La cronaca italiana è piena di notizie sui cosiddetti “furbetti del cartellino”: dipendenti pubblici e privati che timbrano il proprio cartellino per poi immediatamente uscire dal posto di lavoro per dedicarsi ad attività personali oppure timbrano per colleghi assenti. Ultima notizia della serie: il 7 luglio scorso – come riportato da Il Piccolo – sei dipendenti della Regione Friuli Venezia Giulia sono accusati di truffa ai danni della Regione e falsa attestazione sulla presenza al lavoro.

Per prevenire questi fenomeni, diverse realtà pubbliche e private hanno pensato, in questi anni, di adottare sistemi biometrici per la rilevazione delle presenze dei dipendenti: tali strumentazioni utilizzano, più frequentemente, l’impronta digitale per il controllo delle presenze del personale sul luogo di lavoro al fine di evitare il ripetersi di atti di abusi derivanti da un uso improprio del tesserino magnetico.

Davanti a questo sviluppo tecnologico come ha risposto la normativa privacy italiana?

Nel Provvedimento Generale prescrittivo in tema di Biometria del 12 novembre 2014, il Garante precisa che “i dati biometrici denotano la profonda relazione tra corpo, comportamento e identità della persona e quindi richiedono particolari cautele in caso di loro trattamento”.

Pertanto, perché si possa svolgere un trattamento di dati biometrici in modo lecito è necessario adempiere ad una serie di obblighi che partendo dal conferimento di una dettagliata informativa agli interessati, passa dalla richiesta di una verifica preliminare al Garante ai sensi dell’art 17 del Codice, per finire con l’effettuazione della notificazione sempre al Garante ai sensi dell’art 37 comma 1 lett.a) dello stesso Codice.

In riferimento alla verifica preliminare, a parte rari casi dove la presenza di condizioni particolari ha indotto il Garante ad accogliere la richiesta del titolare e, quindi, a permettere un trattamento di dati biometrici (si veda la risposta del settembre 2016 alla richiesta di verifica preliminare presentata da un’Azienda ospedaliera ) nella maggioranza dei casi il Garante ha ritenuto illecito l’utilizzo di strumentazioni biometriche per il rilevamento delle presenze dipendenti.

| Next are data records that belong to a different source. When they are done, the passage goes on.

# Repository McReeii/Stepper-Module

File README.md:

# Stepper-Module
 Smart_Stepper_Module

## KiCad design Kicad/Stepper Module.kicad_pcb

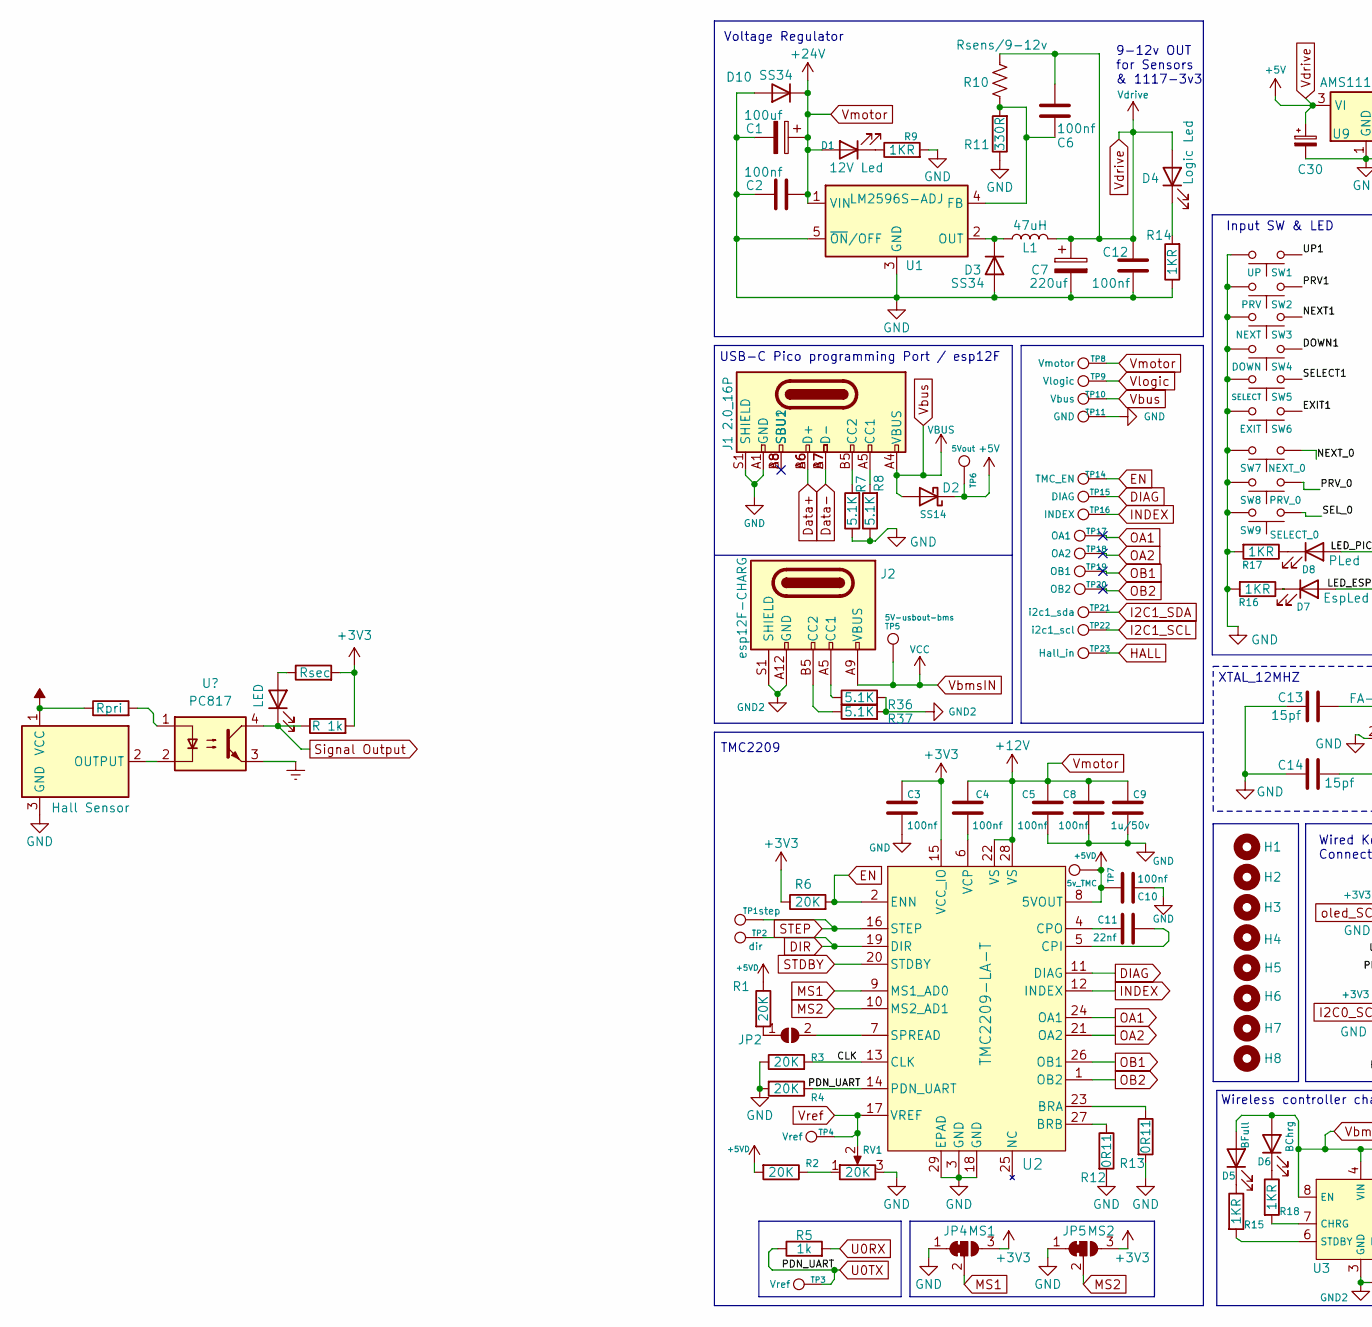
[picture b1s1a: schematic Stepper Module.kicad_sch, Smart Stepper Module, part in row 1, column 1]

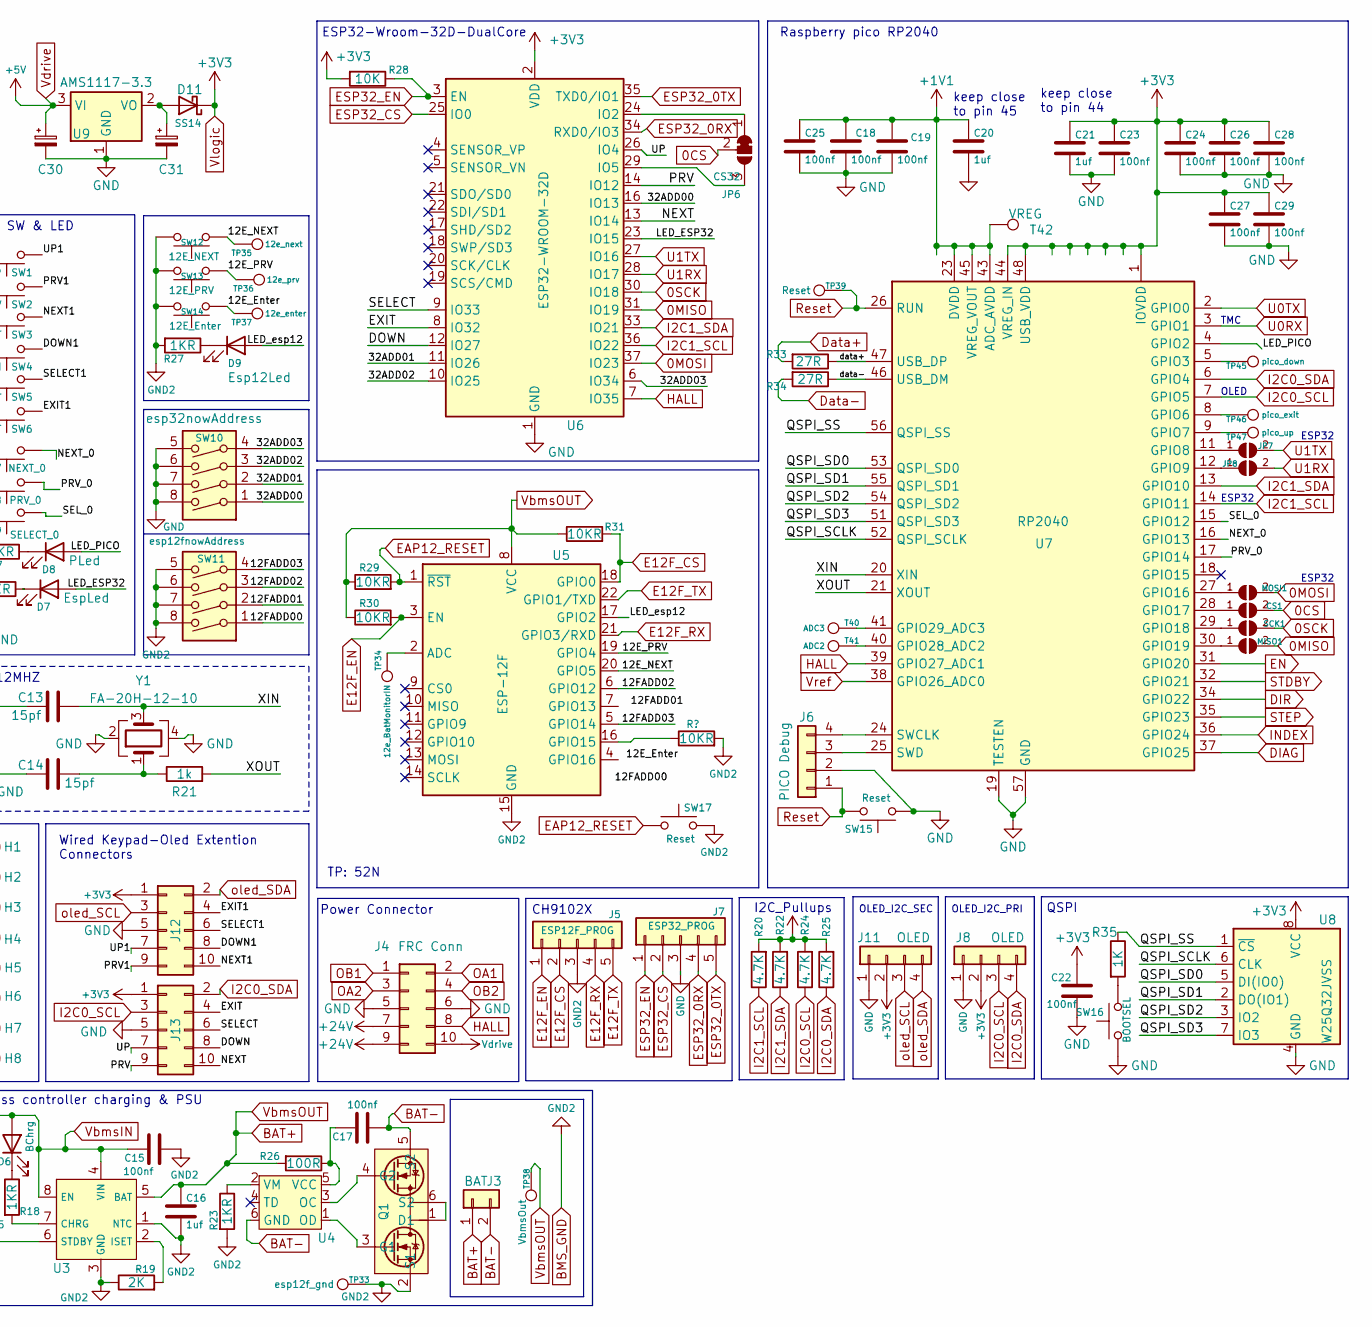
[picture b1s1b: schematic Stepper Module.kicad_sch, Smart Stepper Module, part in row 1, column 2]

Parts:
C1: 100uf; CP_Elec_8x11.9
C2, C3, C4, C5, C6, C8, C10, C12, C15, C17, C18, C19, C22, C23, C24, C25, C26, C27, C28, C29: 100nf; C_0603_1608Metric
C7: 220uf; CP_Elec_8x11.9
C9: 1u/50v; C_0805_2012Metric
C11: 22nf; C_0603_1608Metric
C13, C14: 15pf; C_1206_3216Metric
C16, C20, C21: 1uf; C_0805_2012Metric
C30, C31: C_Polarized_Small; CP_EIA-3528-21_Kemet-B
CS1: SolderJumper_2_Open; SolderJumper-2_P1.3mm_Open_TrianglePad1.0x1.5mm
D1: 12V Led; LED_1206_3216Metric
D2, D11: SS14; D_SMA
D3, D10: SS34; D_SMA
D4: Logic Led; LED_1206_3216Metric
D5: BFull; LED_1206_3216Metric
D6: BChrg; LED_1206_3216Metric
D7: EspLed; LED_1206_3216Metric
D8: PLed; LED_1206_3216Metric
D9: Esp12Led; LED_1206_3216Metric
H1, H2, H3, H4, H5, H6, H7, H8: MountingHole; MountingHole_5mm
J1: 2.0_16P; USB_C_Receptacle_GCT_USB4105-xx-A_16P_TopMnt_Horizontal
J2: esp12F-CHARG; USB_C_Receptacle_GCT_USB4125-xx-x_6P_TopMnt_Horizontal
J3: BAT; TestPoint_2Pads_Pitch2.54mm_Drill0.8mm
J4: FRC Conn; IDC-Header_2x05_P2.54mm_Vertical
J5: ESP12F_PROG; PinSocket_1x05_P1.27mm_Vertical_SMD_Pin1Left
J6: PICO Debug; PinSocket_1x04_P1.27mm_Vertical_SMD_Pin1Left
J7: ESP32_PROG; PinSocket_1x05_P1.27mm_Vertical_SMD_Pin1Left
J8: OLED; PinSocket_1x04_P2.54mm_Vertical_SMD_Pin1Right
J11: OLED; PinSocket_1x04_P2.54mm_Vertical
J12, J13: Conn_02x05_Odd_Even; PinSocket_2x05_P2.54mm_Vertical
JP2, JP7, JP8: SolderJumper_2_Open; SolderJumper-2_P1.3mm_Open_TrianglePad1.0x1.5mm
JP4: MS1; SolderJumper-3_P1.3mm_Bridged12_Pad1.0x1.5mm_NumberLabels
JP5: MS2; SolderJumper-3_P1.3mm_Bridged12_Pad1.0x1.5mm_NumberLabels
JP6: CS32; SolderJumper-3_P1.3mm_Bridged12_Pad1.0x1.5mm_NumberLabels
L1: 47uH; L_12x12mm_H8mm
MISO1: SolderJumper_2_Open; SolderJumper-2_P1.3mm_Open_TrianglePad1.0x1.5mm
MOSI1: SolderJumper_2_Open; SolderJumper-2_P1.3mm_Open_TrianglePad1.0x1.5mm
Q1: 8205N_TSSOP8_6PIN
R1, R2, R3, R4, R6: 20K; R_0603_1608Metric
R5, R21: 1k; R_0805_2012Metric
R7, R8, R36, R37: 5.1K; R_0805_2012Metric
R9, R14, R15, R16, R17, R18, R23, R27: 1KR; R_0805_2012Metric
R10: Rsens/9-12v; R_0805_2012Metric
R11: 330R; R_0805_2012Metric
R12, R13: 0R11; R_0805_2012Metric
R19: 2K; R_0805_2012Metric
R20, R22, R24, R25: 4.7K; R_0805_2012Metric
R26: 100R; R_0805_2012Metric
R28: 10K; R_0805_2012Metric
R29, R30, R31: 10KR; R_0805_2012Metric
R33, R34: 27R; R_0805_2012Metric
R35: 1K; R_0805_2012Metric
RV1: 20K; Potentiometer_Bourns_3214J_Horizontal
SCK1: SolderJumper_2_Open; SolderJumper-2_P1.3mm_Open_TrianglePad1.0x1.5mm
SW1: UP; SW_Push_1P1T_NO_CK_PTS125Sx43PSMTR
SW2: PRV; SW_Push_1P1T_NO_CK_PTS125Sx43PSMTR
SW3: NEXT; SW_Push_1P1T_NO_CK_PTS125Sx43PSMTR
SW4: DOWN; SW_Push_1P1T_NO_CK_PTS125Sx43PSMTR
SW5: SELECT; SW_Push_1P1T_NO_CK_PTS125Sx43PSMTR
SW6: EXIT; SW_Push_1P1T_NO_CK_PTS125Sx43PSMTR
SW7: NEXT_0; SW_Push_1P1T_XKB_TS-1187A
SW8: PRV_0; SW_Push_1P1T_XKB_TS-1187A
SW9: SELECT_0; SW_Push_1P1T_XKB_TS-1187A
SW10: esp32nowAddress; SMDIP-8_W11.48mm
SW11: esp12fnowAddress; SMDIP-8_W11.48mm
SW12: 12E_NEXT; SW_Push_1P1T_XKB_TS-1187A
SW13: 12E_PRV; SW_Push_1P1T_XKB_TS-1187A
SW14: 12E_Enter; SW_Push_1P1T_NO_CK_PTS125Sx43PSMTR
SW15, SW17: Reset; SW_Push_1P1T_XKB_TS-1187A
SW16: BOOTSEL; SW_Push_1P1T_XKB_TS-1187A
T40: ADC3; TestPoint_Pad_1.0x1.0mm
T41: ADC2; TestPoint_Pad_1.0x1.0mm
T42: VREG; TestPoint_Pad_1.0x1.0mm
TP1: step; TestPoint_Pad_1.0x1.0mm
TP2: dir; TestPoint_Pad_1.0x1.0mm
TP3, TP4: Vref; TestPoint_Pad_1.0x1.0mm
TP5: 5V-usbout-bms; TestPoint_Pad_1.0x1.0mm
TP6: 5Vout; TestPoint_Pad_1.0x1.0mm
TP7: 5v_TMC; TestPoint_Pad_1.0x1.0mm
TP8: Vmotor; TestPoint_Pad_1.0x1.0mm
TP9: Vlogic; TestPoint_Pad_1.0x1.0mm
TP10: Vbus; TestPoint_Pad_1.0x1.0mm
TP11: GND; TestPoint_Pad_1.0x1.0mm
TP14: TMC_EN; TestPoint_Pad_1.0x1.0mm
TP15: DIAG; TestPoint_Pad_1.0x1.0mm
TP16: INDEX; TestPoint_Pad_1.0x1.0mm
TP17: OA1; TestPoint_Pad_1.0x1.0mm
TP18: OA2; TestPoint_Pad_1.0x1.0mm
TP19: OB1; TestPoint_Pad_1.0x1.0mm
TP20: OB2; TestPoint_Pad_1.0x1.0mm
TP21: i2c1_sda; TestPoint_Pad_1.0x1.0mm
TP22: i2c1_scl; TestPoint_Pad_1.0x1.0mm
TP23: Hall_in; TestPoint_Pad_1.0x1.0mm
TP33: esp12f_gnd; TestPoint_Pad_1.0x1.0mm
TP34: 12e_BatMonitorIN; TestPoint_Pad_1.0x1.0mm
TP35: 12e_next; TestPoint_Pad_1.0x1.0mm
TP36: 12e_prv; TestPoint_Pad_1.0x1.0mm
TP37: 12e_enter; TestPoint_Pad_1.0x1.0mm
TP38: VbmsOut; TestPoint_Pad_1.0x1.0mm
TP39: Reset; TestPoint_Pad_1.0x1.0mm
TP45: pico_down; TestPoint_Pad_1.0x1.0mm
TP46: pico_exit; TestPoint_Pad_1.0x1.0mm
TP47: pico_up; TestPoint_Pad_1.0x1.0mm
U1: LM2596S-ADJ; TO-263-5_TabPin3
U2: TMC2209-LA-T; QFN-28-1EP_5x5mm_P0.5mm_EP3.75x3.75mm_ThermalVias
U3: HTSOP-8-1EP_3.9x4.9mm_P1.27mm_EP2.4x3.2mm
U4: SC-74-6_1.5x2.9mm_P0.95mm
U5: ESP-12F; ESP-12E
U6: ESP32-WROOM-32D
U7: RP2040; QFN-56-1EP_7x7mm_P0.4mm_EP3.2x3.2mm_ThermalVias
U8: W25Q32JVSS; SOIC-8_5.23x5.23mm_P1.27mm
U9: AMS1117-3.3; SOT-223-3_TabPin2
Y1: FA-20H-12-10; Crystal_SMD_Abracon_ABM10-4Pin_2.5x2.0mm

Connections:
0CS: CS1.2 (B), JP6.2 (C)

L’Autorità considera generalmente sproporzionato l’impiego di dati biometrici per finalità di rilevazione delle presenze dei dipendenti e consiglia di adottare strumenti e modalità alternative meno problematiche per la libertà e dignità stessa dei lavoratori. Il titolare, infatti, per verificare il rispetto degli orari di lavoro, impedendo condotte abusive degli interessati può disporre di sistemi meno invasivi della sfera personale del lavoratore come misure fisiche quali tornelli o barriere e/o controlli a campione da parte del personale direttivo.

Accertato l’approccio cautelativo e favorevole alla tutela dei diritti del lavoratore da parte della normativa privacy nazionale, come risponde il Regolamento Europeo 2016/679 (GDPR) che ne prenderà il posto dal maggio 2018?

Sicuramente non viene abbassata l’attenzione sui dati biometrici che nel GDPR rientrano nella categoria di dati particolari ex art. 9 e quindi richiedono una tutela maggiore rispetto ai dati “comuni” in quanto maggiormente rischiosi per i diritti e le libertà dell’individuo.

Se da un lato viene abolito l’istituto della notificazione all’autorità Garante, dall’altro lato però vige il principio di responsabilizzazione (art. 24) in capo al titolare nel valutare tutti i rischi che il trattamento potrà portare per i diritti e le libertà delle persone fisiche e adottare tutte le misure adeguate per garantire un trattamento lecito. Utile sarà, allora, svolgere una valutazione d’impatto sulla protezione dei dati in quanto – sebbene, per la maggioranza dei casi non si è di fronte ad un trattamento di dati particolari su larga scala di cui all’art. 35 comma 3 lett.b) – l’uso di dati biometrici può presentare rischi elevati per i diritti e le libertà delle persone fisiche (art. 35 comma 1) che necessitano di essere identificati e gestiti. Infine, se, a seguito della valutazione d’impatto, il titolare ritenesse di non disporre di misure adeguate ad attenuare il rischio, egli potrà rivolgersi all’autorità Garante attraverso lo strumento della consultazione preventiva (art. 36). Questi saranno tutti accorgimenti che uno scrupoloso titolare, insieme al Responsabile della protezione dei dati, se nominato, dovrà tenere in conto per valutare la “fattibilità” e la “sostenibilità” di un sistema di rilevazione accessi basato sul riconoscimento biometrico dei dipendenti.